# lymphocystis or something else?



## scrivz (Dec 2, 2008)

Howdy, y'all. I've got a fish health issue that has me scratching my head. I've tried searching through old lymphocystis posts in here and I'm no closer to having an answer than I was before, so here goes.

My salvini, affectionately named Willis, has always had these strange small knobby, wart-like growths at the base of his tail. I've never thought anything about it, since they were small and didn't seem to cause him any distress. I always wondered if it was lymphocystis or some other viral thing, but they never seemed to change in any way, and if it is lympho it's much less severe than any pic I've found on the interweb. Well lately I noticed a spot on the fin of Ramus, my oscar. I don't even know for sure if they're related, but they look similar. They're in different areas--Ramus's is on his pectoral fin and is mid-fin, while Willis's is on the caudal peduncle, not the caudal fin itself.

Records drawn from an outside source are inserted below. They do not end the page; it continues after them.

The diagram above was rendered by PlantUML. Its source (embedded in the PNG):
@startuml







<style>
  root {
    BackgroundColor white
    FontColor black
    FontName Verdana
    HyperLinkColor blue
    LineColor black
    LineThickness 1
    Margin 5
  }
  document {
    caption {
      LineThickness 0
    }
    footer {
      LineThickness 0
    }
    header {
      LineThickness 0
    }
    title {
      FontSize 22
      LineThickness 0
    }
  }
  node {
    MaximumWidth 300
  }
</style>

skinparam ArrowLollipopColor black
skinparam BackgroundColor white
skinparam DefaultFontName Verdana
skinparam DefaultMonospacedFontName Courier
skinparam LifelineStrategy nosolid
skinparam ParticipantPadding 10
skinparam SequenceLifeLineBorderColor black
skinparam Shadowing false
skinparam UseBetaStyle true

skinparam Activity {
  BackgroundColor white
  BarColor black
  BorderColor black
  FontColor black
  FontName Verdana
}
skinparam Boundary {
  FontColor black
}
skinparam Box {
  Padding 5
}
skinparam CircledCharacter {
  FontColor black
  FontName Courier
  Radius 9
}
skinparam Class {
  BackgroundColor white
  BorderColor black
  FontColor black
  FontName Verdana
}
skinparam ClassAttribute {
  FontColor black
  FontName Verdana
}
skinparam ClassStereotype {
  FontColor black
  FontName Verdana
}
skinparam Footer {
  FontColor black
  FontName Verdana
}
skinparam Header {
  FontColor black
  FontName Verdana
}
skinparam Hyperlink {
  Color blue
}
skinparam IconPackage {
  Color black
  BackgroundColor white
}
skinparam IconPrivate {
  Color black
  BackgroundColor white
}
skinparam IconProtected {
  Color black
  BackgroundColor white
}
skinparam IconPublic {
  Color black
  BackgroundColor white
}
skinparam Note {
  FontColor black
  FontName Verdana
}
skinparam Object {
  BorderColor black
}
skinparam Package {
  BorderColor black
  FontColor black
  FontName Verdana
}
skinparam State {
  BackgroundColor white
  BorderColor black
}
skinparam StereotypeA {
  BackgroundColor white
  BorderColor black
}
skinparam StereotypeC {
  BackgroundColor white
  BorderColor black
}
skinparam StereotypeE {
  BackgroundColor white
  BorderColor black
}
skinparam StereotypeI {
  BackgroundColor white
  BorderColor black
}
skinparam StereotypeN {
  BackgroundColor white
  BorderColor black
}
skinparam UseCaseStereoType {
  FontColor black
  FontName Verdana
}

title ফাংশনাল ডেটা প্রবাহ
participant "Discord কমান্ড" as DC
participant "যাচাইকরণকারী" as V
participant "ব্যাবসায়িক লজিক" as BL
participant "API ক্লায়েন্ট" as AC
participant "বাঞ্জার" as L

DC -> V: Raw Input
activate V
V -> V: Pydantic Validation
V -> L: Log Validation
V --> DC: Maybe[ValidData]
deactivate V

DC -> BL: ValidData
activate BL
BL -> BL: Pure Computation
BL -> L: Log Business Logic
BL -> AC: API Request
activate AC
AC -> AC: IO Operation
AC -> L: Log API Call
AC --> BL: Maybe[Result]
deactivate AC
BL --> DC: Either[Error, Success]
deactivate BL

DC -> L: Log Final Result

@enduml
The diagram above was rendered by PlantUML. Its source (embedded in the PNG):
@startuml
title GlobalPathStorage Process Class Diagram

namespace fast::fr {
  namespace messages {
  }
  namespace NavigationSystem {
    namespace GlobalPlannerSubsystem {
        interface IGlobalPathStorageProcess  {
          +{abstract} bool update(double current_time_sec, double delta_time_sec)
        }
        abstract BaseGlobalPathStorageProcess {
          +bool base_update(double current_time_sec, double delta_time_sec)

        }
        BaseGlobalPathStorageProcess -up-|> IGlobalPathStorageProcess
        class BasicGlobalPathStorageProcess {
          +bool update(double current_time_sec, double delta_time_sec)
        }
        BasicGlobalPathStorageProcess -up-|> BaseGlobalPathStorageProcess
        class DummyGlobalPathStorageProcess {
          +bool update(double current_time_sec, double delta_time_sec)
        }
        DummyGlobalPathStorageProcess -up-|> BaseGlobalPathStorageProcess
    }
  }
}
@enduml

When I noticed the lump/wart/growth on Ramus's pectoral fin, I checked over the rest of his fins, as well as Willis's fins. Willis didn't have any more lumps than before, but the ones he has now look different. They are reddish (had always been darkish before) and almost look ulcerated. See pics below.

My only thought is that Willis has been harboring the lymphocystis virus the entire time I've had him and has just now become infective. If that's the case, to the best of my understanding, there is not a thing I can do about it. If I had a microscope, I'd try to do the pathology study, but I'm not shelling out hundreds of dollars at the moment, as it does not appear to be life-threatening. Both fishes have great appetites and are as active as ever. They're otherwise healthy; Ramus struggles with a bit of extremely minor idiopathic HITH from time to time but otherwise hasn't ever had a health issue that I can remember. Willis has had the lumps on his caudal peduncle forever, but has never been diseased in any other way.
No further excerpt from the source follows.